Task data:
-=-=-

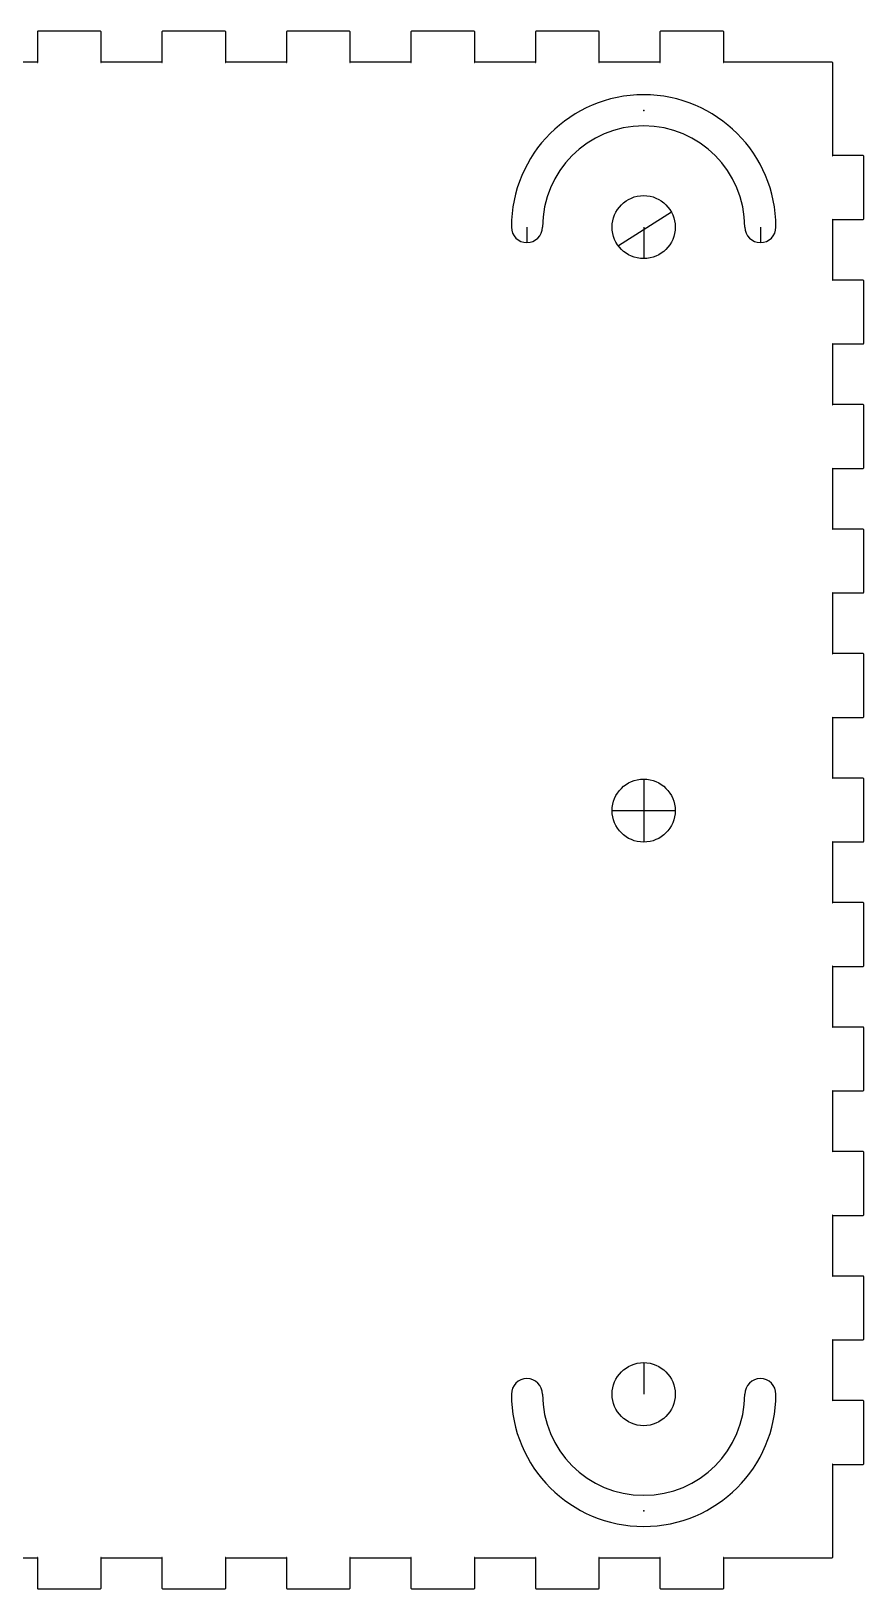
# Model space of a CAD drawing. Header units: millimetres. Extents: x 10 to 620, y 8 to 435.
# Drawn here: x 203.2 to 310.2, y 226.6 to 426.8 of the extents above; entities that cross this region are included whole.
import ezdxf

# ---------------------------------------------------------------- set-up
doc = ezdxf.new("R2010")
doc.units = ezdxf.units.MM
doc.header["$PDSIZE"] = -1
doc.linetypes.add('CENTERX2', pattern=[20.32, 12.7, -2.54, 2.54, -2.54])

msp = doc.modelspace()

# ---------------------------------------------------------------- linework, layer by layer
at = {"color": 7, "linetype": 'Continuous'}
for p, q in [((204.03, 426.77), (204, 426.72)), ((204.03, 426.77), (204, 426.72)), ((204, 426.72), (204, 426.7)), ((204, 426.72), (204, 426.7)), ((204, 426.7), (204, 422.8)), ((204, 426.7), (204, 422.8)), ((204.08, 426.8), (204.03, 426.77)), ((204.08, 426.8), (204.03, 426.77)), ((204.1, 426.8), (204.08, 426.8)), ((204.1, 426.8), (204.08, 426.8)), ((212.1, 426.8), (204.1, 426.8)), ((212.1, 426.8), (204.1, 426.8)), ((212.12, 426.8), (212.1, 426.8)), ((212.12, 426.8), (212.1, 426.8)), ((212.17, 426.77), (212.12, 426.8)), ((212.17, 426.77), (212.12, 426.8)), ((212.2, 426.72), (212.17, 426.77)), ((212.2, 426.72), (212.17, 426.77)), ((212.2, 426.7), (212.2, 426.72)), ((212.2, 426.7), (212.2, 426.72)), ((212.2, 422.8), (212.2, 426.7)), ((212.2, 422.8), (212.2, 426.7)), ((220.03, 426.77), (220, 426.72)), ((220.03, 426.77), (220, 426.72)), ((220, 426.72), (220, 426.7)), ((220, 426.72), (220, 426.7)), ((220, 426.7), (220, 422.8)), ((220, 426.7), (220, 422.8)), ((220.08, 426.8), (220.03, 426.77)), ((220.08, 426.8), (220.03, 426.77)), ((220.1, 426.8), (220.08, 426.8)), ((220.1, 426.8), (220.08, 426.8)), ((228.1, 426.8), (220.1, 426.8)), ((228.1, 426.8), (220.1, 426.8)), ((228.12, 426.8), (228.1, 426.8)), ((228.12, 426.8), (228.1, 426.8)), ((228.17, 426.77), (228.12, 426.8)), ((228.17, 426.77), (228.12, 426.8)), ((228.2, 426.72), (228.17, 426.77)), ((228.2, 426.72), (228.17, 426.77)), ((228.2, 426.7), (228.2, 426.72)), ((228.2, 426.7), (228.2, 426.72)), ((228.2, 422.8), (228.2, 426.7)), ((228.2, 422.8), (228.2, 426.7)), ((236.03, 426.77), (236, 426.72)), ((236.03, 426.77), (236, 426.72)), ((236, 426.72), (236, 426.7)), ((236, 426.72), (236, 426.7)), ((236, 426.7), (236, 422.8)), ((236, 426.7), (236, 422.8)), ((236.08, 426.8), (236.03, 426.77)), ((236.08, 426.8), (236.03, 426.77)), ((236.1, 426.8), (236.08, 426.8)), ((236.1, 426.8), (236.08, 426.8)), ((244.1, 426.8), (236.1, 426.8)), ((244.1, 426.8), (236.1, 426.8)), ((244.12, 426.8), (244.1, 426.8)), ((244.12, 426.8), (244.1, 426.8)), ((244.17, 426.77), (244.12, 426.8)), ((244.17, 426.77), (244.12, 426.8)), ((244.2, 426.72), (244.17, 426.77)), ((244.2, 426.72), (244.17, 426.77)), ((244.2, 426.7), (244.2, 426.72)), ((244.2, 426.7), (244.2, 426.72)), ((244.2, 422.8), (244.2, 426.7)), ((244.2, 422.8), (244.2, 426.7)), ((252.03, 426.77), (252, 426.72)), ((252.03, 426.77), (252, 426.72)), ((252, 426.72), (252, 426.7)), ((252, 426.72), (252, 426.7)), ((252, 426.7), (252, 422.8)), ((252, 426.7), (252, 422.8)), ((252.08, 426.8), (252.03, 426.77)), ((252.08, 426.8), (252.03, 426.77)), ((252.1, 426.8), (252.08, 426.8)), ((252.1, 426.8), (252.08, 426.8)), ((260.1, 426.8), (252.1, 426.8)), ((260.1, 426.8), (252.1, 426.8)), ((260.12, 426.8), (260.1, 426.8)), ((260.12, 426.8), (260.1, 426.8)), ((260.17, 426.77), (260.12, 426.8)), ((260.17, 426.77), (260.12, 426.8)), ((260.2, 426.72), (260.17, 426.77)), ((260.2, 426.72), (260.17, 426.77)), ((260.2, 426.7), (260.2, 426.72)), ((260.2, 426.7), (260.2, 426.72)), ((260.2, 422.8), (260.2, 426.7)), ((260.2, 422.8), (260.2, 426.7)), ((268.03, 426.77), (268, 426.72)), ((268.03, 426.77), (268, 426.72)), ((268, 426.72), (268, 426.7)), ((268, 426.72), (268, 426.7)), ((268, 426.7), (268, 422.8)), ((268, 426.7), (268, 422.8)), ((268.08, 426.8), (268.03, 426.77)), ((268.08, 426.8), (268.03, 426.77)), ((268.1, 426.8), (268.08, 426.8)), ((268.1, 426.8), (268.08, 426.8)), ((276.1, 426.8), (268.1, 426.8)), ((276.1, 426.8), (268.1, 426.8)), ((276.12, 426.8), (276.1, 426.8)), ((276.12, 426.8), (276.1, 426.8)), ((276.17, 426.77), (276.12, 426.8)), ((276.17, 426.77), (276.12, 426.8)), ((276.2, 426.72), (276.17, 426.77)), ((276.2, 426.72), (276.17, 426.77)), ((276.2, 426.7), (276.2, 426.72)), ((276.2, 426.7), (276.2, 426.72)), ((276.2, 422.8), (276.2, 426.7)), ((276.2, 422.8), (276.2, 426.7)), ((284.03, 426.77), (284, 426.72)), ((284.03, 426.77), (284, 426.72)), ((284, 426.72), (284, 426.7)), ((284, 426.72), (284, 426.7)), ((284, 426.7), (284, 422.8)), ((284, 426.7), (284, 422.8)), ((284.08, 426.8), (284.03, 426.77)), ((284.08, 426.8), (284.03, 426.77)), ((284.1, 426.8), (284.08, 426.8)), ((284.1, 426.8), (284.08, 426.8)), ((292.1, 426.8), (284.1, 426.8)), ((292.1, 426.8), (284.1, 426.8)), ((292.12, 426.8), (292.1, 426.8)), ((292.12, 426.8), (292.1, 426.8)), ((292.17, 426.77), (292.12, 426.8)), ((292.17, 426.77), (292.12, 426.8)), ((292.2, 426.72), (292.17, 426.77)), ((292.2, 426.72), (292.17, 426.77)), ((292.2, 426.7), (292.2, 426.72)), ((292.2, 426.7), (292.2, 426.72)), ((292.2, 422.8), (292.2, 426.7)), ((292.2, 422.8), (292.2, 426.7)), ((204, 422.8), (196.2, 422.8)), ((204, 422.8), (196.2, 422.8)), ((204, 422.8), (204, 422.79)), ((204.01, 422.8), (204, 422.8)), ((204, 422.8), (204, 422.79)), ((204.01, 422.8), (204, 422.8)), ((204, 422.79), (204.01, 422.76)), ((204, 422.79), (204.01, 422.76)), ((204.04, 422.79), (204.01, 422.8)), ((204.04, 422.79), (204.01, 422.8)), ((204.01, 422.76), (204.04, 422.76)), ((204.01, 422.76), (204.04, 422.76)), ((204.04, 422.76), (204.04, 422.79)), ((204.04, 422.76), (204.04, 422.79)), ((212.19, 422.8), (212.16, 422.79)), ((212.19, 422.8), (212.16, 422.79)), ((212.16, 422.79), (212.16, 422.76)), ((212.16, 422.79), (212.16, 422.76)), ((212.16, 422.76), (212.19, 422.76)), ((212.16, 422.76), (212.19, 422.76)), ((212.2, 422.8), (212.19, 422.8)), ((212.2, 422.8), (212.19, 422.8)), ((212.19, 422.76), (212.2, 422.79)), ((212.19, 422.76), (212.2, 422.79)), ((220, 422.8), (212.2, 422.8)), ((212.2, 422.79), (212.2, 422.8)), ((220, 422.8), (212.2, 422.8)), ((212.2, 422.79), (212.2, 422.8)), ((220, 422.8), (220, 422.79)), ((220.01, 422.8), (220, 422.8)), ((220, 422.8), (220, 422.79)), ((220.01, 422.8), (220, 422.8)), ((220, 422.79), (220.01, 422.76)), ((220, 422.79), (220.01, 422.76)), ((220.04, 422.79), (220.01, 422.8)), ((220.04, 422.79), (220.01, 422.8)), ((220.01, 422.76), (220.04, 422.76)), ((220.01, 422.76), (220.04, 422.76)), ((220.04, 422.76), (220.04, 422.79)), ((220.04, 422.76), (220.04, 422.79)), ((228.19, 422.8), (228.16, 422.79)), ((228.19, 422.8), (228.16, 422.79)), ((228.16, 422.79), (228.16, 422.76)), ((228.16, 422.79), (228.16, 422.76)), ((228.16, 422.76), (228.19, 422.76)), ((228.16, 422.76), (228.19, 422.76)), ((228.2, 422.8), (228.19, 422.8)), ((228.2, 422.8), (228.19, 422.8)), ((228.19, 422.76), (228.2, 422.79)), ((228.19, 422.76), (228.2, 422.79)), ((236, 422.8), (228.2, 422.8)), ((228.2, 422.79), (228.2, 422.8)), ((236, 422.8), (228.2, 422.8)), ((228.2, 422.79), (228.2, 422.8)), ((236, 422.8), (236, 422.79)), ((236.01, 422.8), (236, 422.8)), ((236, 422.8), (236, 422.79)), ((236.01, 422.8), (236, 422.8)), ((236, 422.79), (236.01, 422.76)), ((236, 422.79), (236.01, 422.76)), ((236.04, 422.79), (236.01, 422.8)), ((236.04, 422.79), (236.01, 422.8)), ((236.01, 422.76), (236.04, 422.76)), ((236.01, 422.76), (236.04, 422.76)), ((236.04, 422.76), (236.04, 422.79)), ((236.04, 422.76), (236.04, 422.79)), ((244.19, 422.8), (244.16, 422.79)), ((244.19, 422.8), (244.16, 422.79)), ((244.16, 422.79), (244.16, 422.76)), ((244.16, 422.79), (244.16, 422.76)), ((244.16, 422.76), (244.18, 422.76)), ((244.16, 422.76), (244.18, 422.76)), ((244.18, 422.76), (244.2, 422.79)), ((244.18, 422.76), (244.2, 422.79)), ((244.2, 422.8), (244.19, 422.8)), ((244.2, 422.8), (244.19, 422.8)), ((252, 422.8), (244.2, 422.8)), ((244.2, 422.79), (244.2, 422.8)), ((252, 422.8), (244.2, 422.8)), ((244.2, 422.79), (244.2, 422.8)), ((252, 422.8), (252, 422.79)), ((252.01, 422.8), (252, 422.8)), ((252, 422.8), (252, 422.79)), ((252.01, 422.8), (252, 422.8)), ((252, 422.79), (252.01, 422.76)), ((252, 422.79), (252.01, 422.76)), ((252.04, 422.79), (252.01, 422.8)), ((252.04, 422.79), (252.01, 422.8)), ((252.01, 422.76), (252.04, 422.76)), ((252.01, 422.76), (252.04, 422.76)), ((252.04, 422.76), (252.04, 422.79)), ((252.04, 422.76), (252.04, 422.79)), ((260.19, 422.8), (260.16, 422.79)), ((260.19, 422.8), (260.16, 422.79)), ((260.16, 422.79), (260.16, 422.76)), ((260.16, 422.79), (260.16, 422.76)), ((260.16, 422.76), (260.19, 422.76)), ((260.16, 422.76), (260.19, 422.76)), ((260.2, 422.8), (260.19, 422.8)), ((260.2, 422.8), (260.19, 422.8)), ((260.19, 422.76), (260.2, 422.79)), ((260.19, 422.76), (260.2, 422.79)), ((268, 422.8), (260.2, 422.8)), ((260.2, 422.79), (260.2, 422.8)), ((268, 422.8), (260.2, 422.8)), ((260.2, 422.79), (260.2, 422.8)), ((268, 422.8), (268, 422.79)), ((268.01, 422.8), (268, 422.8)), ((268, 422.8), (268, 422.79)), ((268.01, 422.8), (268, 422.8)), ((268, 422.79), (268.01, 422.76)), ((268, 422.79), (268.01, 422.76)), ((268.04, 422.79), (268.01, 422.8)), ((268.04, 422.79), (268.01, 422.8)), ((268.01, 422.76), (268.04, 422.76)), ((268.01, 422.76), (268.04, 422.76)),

-=-=-

What you should do: Find all lines holding the word "ezdxf" in the records above and copy them.

Result below:
import ezdxf
doc = ezdxf.new("R2010")
doc.units = ezdxf.units.MM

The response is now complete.